This work proposes a 13b 100MS/s 45nm CMOS ADC with a high dynamic performance for IF-domain high-speed signal processing systems based on a four-step pipeline architecture to optimize operating specifications. The SHA employs a wideband high-speed sampling network properly to process high-frequency input signals exceeding a sampling frequency. The SHA and MDACs adopt a two-stage amplifier with a gain-boosting technique to obtain the required high DC gain and the wide signal-swing range, while the amplifier and bias circuits use the same unit-size devices repeatedly to minimize device mismatch.
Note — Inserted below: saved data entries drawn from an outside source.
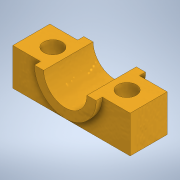
# Autodesk Inventor part: Part22
Saved by Autodesk Inventor 2020 (Build 240168000, 168)
## iProperties
Created: 2021-10-20
Part Number: Part22
Material: Brass, Soft Yellow, Welded
Document SubType Name: Modeling
Designer: simon.erikssonwestl
Density: 8.5 g/cm^3
Appearance: Weld - Brass
Author: simon.erikssonwestl
Autodesk Inventor part; units mm, degrees
ref_plane "YZ Plane" through (0, 0, 0) normal (1, 0, 0) x (0, 1, 0)
ref_plane "XZ Plane" through (0, 0, 0) normal (0, 1, 0) x (-1, 0, 0)
ref_plane "XY Plane" through (0, 0, 0) normal (0, 0, 1) x (1, 0, 0)
sketch "Sketch1" plane through (0, 0, 0) normal (0, 1, 0) x (-1, 0, 0)
  line L0 (9.5, -3) -> (-9.5, -3)
  line L1 (-9.5, -3) -> (-9.5, 3)
  line L2 (-9.5, 3) -> (9.5, 3)
  line L3 (9.5, 3) -> (9.5, -3)
  line L4 (9.5, -3) -> (-9.5, 3) construction
  line L5 (-9.5, -3) -> (9.5, 3) construction
  point P0 (0, 0)
  dimension "d0" = 19
  dimension "d1" = 6
  constraints: 12 end point, 2 midpoint, 2 parallel, 1 horizontal, 1 perpendicular
  measures "d0" distance of L1.end L2.end
  measures "d1" distance of L0.end L1.end
extrude "Extrusion1" add sketch "Sketch1" along normal blind 6
sketch "Sketch2" plane through (-9.5, 0, 3) normal (0, 0, 1) x (1, 0, 0)
  line L0 (19, 6) -> (0, 6) projected
  arc A0 (4.5, 6) -> (14.5, 6) centre (9.5, 6) ccw
  point P0 (9.5, 0)
  point P1 (14.5, 6)
  dimension "d4" = 5
  constraints: 2 point on circle, 1 centre point, 1 midpoint, 1 point on line
  measures "d4" radius of A0
extrude "Extrusion2" add sketch "Sketch2" along normal blind 1 and the other way blind 7
sketch "Sketch3" plane through (-9.5, 0, 4) normal (0, 0, 1) x (1, 0, 0)
  line L0 (14.5, 6) -> (4.5, 6) projected
  point P0 (9.5, 0)
  point P1 (9.5, 6)
  constraints: 1 midpoint
hole "Hole1" at (0, 6, 4) direction (0, 0, -1) diameter 7 end through all
sketch "Sketch4" plane through (0, 6, 0) normal (0, 1, 0) x (1, 0, 0)
  line L0 (-5, 3) -> (-9.5, 3) projected
  line L1 (9.5, 3) -> (5, 3) projected
  line L2 (-9.5, 3) -> (-9.5, -3) projected
  line L3 (9.5, -3) -> (9.5, 3) projected
  point P0 (0, 0)
  point P1 (-6, 0)
  point P2 (6, 0)
  dimension "d16" = 3
  dimension "d17" = 3
  dimension "d18" = 12
  dimension "d19" = 3.5
  dimension "d20" = 3.5
  measures "d16" distance from line of L0 point (-6, 0)
  measures "d17" distance from line of L1 point (6, 0)
  measures "d18" distance of point (-6, 0) point (6, 0)
  measures "d19" distance from line of L2 point (-6, 0)
  measures "d20" distance from line of L3 point (6, 0)
hole "Hole2" at (-6, 6, 0) at (6, 6, 0) direction (0, -1, 0) diameter 3 end through all
body "Solid1"
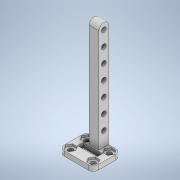
# Autodesk Inventor part: camera_stand
Saved by Autodesk Inventor 2020 (Build 240168000, 168)
## iProperties
Created: 2023-05-28
Part Number: camera_stand
Material: Generic
Document SubType Name: Modeling
Designer: denis
Density: 1 g/cm^3
Appearance: Default
Author: denis
Autodesk Inventor part; units mm, degrees
ref_plane "YZ Plane" through (0, 0, 0) normal (1, 0, 0) x (0, 1, 0)
ref_plane "XZ Plane" through (0, 0, 0) normal (0, 1, 0) x (-1, 0, 0)
ref_plane "XY Plane" through (0, 0, 0) normal (0, 0, 1) x (1, 0, 0)
sketch "Эскиз1" plane through (0, 0, 0) normal (1, 0, 0) x (0, 1, 0)
  line L0 (-2.5, 8.5) -> (0.5, 8.5)
  line L1 (0.5, 8.5) -> (0.5, -8.5)
  line L2 (0.5, -8.5) -> (-2.5, -8.5)
  line L3 (-2.5, -8.5) -> (-2.5, 8.5)
  line L4 (0.5, -8.5) -> (64.5, -8.5)
  line L5 (67.5, -5.5) -> (67.5, -5.5)
  line L6 (64.5, -2.5) -> (0.5, -2.5)
  line L7 (0.5, -2.5) -> (0.5, -8.5)
  circle A0 centre (9.5, -5.5) radius 1.5
  circle A1 centre (18.5, -5.5) radius 1.5
  circle A2 centre (27.5, -5.5) radius 1.5
  circle A3 centre (36.5, -5.5) radius 1.5
  circle A4 centre (45.5, -5.5) radius 1.5
  circle A5 centre (54.5, -5.5) radius 1.5
  circle A6 centre (63.5, -5.5) radius 1.5
  arc A7 (67.5, -5.5) -> (64.5, -2.5) centre (64.5, -5.5) ccw
  arc A8 (64.5, -8.5) -> (67.5, -5.5) centre (64.5, -5.5) ccw
  point P0 (0, 0)
  point P1 (67.5, -2.5)
  point P2 (67.5, -8.5)
  dimension "d0" = 3
  dimension "d1" = 17
  dimension "d2" = 67
  dimension "d3" = 6
  dimension "d4" = 3
  dimension "d5" = 9
  dimension "d6" = 3
  dimension "d7" = 9
  dimension "d8" = 3
  dimension "d9" = 9
  dimension "d10" = 3
  dimension "d11" = 9
  dimension "d12" = 3
  dimension "d13" = 9
  dimension "d14" = 3
  dimension "d15" = 9
  dimension "d16" = 3
  dimension "d17" = 9
  dimension "d18" = 3
  constraints: 16 end point, 9 centre point, 4 parallel, 4 point on circle, 4 point on line, 4 tangent, 2 horizontal, 2 perpendicular, 1 concentric
  measures "d0" distance of L1.end L2.end
  measures "d1" distance of L0.end L1.end
  measures "d2" distance of L6.end point (67.5, -2.5)
  measures "d3" distance of point (67.5, -2.5) point (67.5, -8.5)
  measures "d4" diameter of A0
  measures "d5" distance from line of L1 A0.centre
  measures "d6" diameter of A1
  measures "d7" distance of A0.centre A1.centre
  measures "d8" diameter of A2
  measures "d9" distance of A1.centre A2.centre
  measures "d10" diameter of A3
  measures "d11" distance of A2.centre A3.centre
  measures "d12" diameter of A4
  measures "d13" distance of A4.centre A3.centre
  measures "d14" diameter of A5
  measures "d15" distance of A4.centre A5.centre
  measures "d16" diameter of A6
  measures "d17" distance of A5.centre A6.centre
  measures "d18" radius of A7
extrude "Выдавливание1" add sketch "Эскиз1" along normal mid plane 21 contours L0 L1 L2 L3
extrude "Выдавливание2" add sketch "Эскиз1" along normal mid plane 6 contours L6 A7 A8 L4 L1
sketch "Эскиз3" plane through (-10.5, 0.5, 8.5) normal (0, 1, 0) x (1, 0, 0)
  line L0 (21, 0) -> (0, 0) projected
  line L1 (10.5, 0) -> (10.5, 17) construction
  line L2 (0, 17) -> (21, 17) projected
  line L3 (0, 17) -> (0, 0) construction
  line L4 (21, 0) -> (21, 17) construction
  line L5 (0, 0) -> (21, 17) construction
  line L6 (21, 0) -> (0, 17) construction
  line L7 (0, 8.5) -> (21, 8.5) construction
  circle A0 centre (3.5, 3.5) radius 1.5
  circle A1 centre (3.5, 13.5) radius 1.5
  circle A2 centre (17.5, 3.5) radius 1.5
  circle A3 centre (17.5, 13.5) radius 1.5
  line L8 (18, 0) -> (3, 0) construction
  line L9 (0, 3) -> (0, 14) construction
  line L10 (3, 17) -> (18, 17) construction
  line L11 (21, 14) -> (21, 3) construction
  line L12 (21, 0) -> (0, 17) construction
  line L13 (0, 0) -> (21, 17) construction
  arc A4 (3, 17) -> (0, 14) centre (3, 14) ccw
  arc A5 (0, 3) -> (3, 0) centre (3, 3) ccw
  arc A6 (18, 0) -> (21, 3) centre (18, 3) ccw
  arc A7 (21, 14) -> (18, 17) centre (18, 14) ccw
  line L14 (21, 0) -> (0, 0) construction
  line L15 (0, 0) -> (0, 17) construction
  line L16 (0, 17) -> (21, 17) construction
  line L17 (21, 17) -> (21, 0) construction
  line L18 (21, 0) -> (0, 17) construction
  line L19 (0, 0) -> (21, 17) construction
  line L20 (3, 0) -> (0, 0)
  line L21 (0, 0) -> (0, 3)
  line L22 (0, 14) -> (0, 17)
  line L23 (3, 17) -> (0, 17)
  line L24 (18, 17) -> (21, 17)
  line L25 (21, 17) -> (21, 14)
  line L26 (21, 3) -> (21, 0)
  line L27 (21, 0) -> (18, 0)
  line L28 (16.5, 6.75) -> (4.5, 6.75)
  line L29 (4.5, 6.75) -> (4.5, 10.25)
  line L30 (4.5, 10.25) -> (16.5, 10.25)
  line L31 (16.5, 10.25) -> (16.5, 6.75)
  line L32 (16.5, 6.75) -> (4.5, 10.25) construction
  line L33 (4.5, 6.75) -> (16.5, 10.25) construction
  line L34 (17.5, 3.5) -> (17.5, 0.65) construction
  line L35 (17.5, 0.65) -> (17.5, 6.35) construction
  line L36 (17.5, 3.5) -> (14.4, 3.5) construction
  line L37 (14.4, 3.5) -> (20.6, 3.5) construction
  line L38 (15.95, 0.8153) -> (14.4, 3.5)
  line L39 (14.4, 3.5) -> (15.95, 6.1847)
  line L40 (15.95, 6.1847) -> (19.05, 6.1847)
  line L41 (19.05, 6.1847) -> (20.6, 3.5)
  line L42 (20.6, 3.5) -> (19.05, 0.8153)
  line L43 (19.05, 0.8153) -> (15.95, 0.8153)
  line L44 (15.95, 10.8153) -> (14.4, 13.5)
  line L45 (15.95, 16.1847) -> (14.4, 13.5)
  line L46 (15.95, 10.8153) -> (19.05, 10.8153)
  line L47 (19.05, 10.8153) -> (20.6, 13.5)
  line L48 (20.6, 13.5) -> (19.05, 16.1847)
  line L49 (19.05, 16.1847) -> (15.95, 16.1847)
  line L50 (1.95, 0.8153) -> (0.4, 3.5)
  line L51 (0.4, 3.5) -> (1.95, 6.1847)
  line L52 (1.95, 6.1847) -> (5.05, 6.1847)
  line L53 (5.05, 6.1847) -> (6.6, 3.5)
  line L54 (6.6, 3.5) -> (5.05, 0.8153)
  line L55 (5.05, 0.8153) -> (1.95, 0.8153)
  line L56 (1.95, 10.8153) -> (0.4, 13.5)
  line L57 (0.4, 13.5) -> (1.95, 16.1847)
  line L58 (1.95, 16.1847) -> (5.05, 16.1847)
  line L59 (5.05, 16.1847) -> (6.6, 13.5)
  line L60 (6.6, 13.5) -> (5.05, 10.8153)
  line L61 (5.05, 10.8153) -> (1.95, 10.8153)
  point P0 (10.5, 8.5)
  point P1 (3, 0)
  dimension "d23" = 3
  dimension "d24" = 10
  dimension "d25" = 14
  dimension "d26" = 3
  dimension "d29" = 12
  dimension "d30" = 3.5
  constraints: 116 end point, 15 parallel, 11 point on line, 11 tangent, 10 midpoint, 9 horizontal, 8 centre point, 8 point on circle, 5 coincident, 5 collinear, 5 perpendicular, 4 equal length, 3 equal radius, 3 symmetric about line, 1 vertical, 3 other
  measures "d23" diameter of A0
  measures "d24" distance of A1.centre A0.centre
  measures "d25" distance of A0.centre L34.start
  measures "d26" radius of A4
  measures "d29" distance of L29.end L30.end
  measures "d30" distance of L28.end L29.end
extrude "Выдавливание3" cut sketch "Эскиз3" against normal blind 6 contours L0 L21 A5 | L0 A6 L26 | L2 L25 A7 | L2 A4 L22 | A0 | A1 | A2 | A3 | L28 L29 L30 L31
extrude "Выдавливание4" cut sketch "Эскиз3" against normal blind 1.2 contours L38 L39 L40 L41 L42 L43 | L44 L45 L49 L48 L47 L46 | L50 L51 L52 L53 L54 L55 | L56 L57 L58 L59 L60 L61
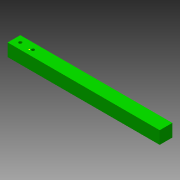
# Autodesk Inventor part: claw arm
Saved by Autodesk Inventor 2015 (Build 190159000, 159)
## iProperties
Created: 2015-01-05
Part Number: claw arm
Material: Generic
Document SubType Name: Modeling
Designer: Collin_2
Density: 1 g/cm^3
Appearance: Default
Author: Collin_2
Autodesk Inventor part; units mm, degrees
ref_plane "YZ Plane" through (0, 0, 0) normal (1, 0, 0) x (0, 1, 0)
ref_plane "XZ Plane" through (0, 0, 0) normal (0, 1, 0) x (-1, 0, 0)
ref_plane "XY Plane" through (0, 0, 0) normal (0, 0, 1) x (1, 0, 0)
sketch "Sketch1" plane through (0, 0, 0) normal (0, 1, 0) x (-1, 0, 0)
  line L0 (68.2659, 18.1219) -> (-541.3341, 18.1219)
  line L1 (-541.3341, 18.1219) -> (-541.3341, -32.6781)
  line L2 (-541.3341, -32.6781) -> (68.2659, -32.6781)
  line L3 (68.2659, -32.6781) -> (68.2659, 18.1219)
  point P0 (0, 0)
  dimension "d0" = 50.8
  dimension "d1" = 609.6
  constraints: 8 end point, 2 parallel, 1 horizontal, 1 perpendicular
  measures "d0" distance of L2.end L0.start
  measures "d1" distance of L1.end L2.end
extrude "Extrusion1" add sketch "Sketch1" along normal blind 50.8
sketch "Sketch2" plane through (0, 50.8, 0) normal (0, 1, 0) x (1, 0, 0)
  line L0 (541.3341, -18.1219) -> (541.3341, 32.6781)
  line L1 (541.3341, -18.1219) -> (541.3341, 32.6781) projected
  line L2 (541.3341, 7.2781) -> (-68.2659, 7.2781)
  circle A0 centre (-42.8659, 7.2781) radius 6.35
  circle A1 centre (7.9341, 7.2781) radius 6.35
  line L3 (-68.2659, 32.6781) -> (-68.2659, -18.1219)
  line L4 (-68.2659, 32.6781) -> (-68.2659, -18.1219) projected
  line L5 (-68.2659, -18.1219) -> (-68.2659, 32.6781)
  point P0 (0, 0)
  dimension "d4" = 12.7
  dimension "d5" = 12.7
  dimension "d8" = 50.8
  dimension "d9" = 25.4
  constraints: 8 end point, 2 centre point, 2 collinear, 2 point on line, 1 horizontal, 1 midpoint
  measures "d4" diameter of A0
  measures "d5" diameter of A1
  measures "d8" distance of A1.centre A0.centre
  measures "d9" distance from line of L3 A0.centre
extrude "Extrusion2" cut sketch "Sketch2" against normal blind 50.8
sketch "Sketch3" plane through (0, 50.8, 0) normal (0, 1, 0) x (1, 0, 0)
  point P0 (0, 0)
body "Solid1"

Furthermore, a separate analog power supply voltage for on-chip current and voltage references minimizes performance degradation caused by the undesired noise and interference from adjacent functional blocks during high-speed operation. The proposed ADC occupies an active die area of $0.70mm^2$, based on various process-insensitive layout techniques to minimize the physical process imperfection effects. The prototype ADC in a 45nm CMOS demonstrates a measured DNL and INL within 0.77LSB and 1.57LSB, with a maximum SNDR and SFDR of 64.2dB and 78.4dB at 100MS/s, respectively. The ADC is implemented with long-channel devices rather than minimum channel-length devices available in this CMOS technology to process a wide input range of $2.0V_{PP}$ for the required system and to obtain a high dynamic performance at IF-domain input signal bands. The ADC consumes 425.0mW with a single analog voltage of 2.5V and two digital voltages of 2.5V and 1.1V.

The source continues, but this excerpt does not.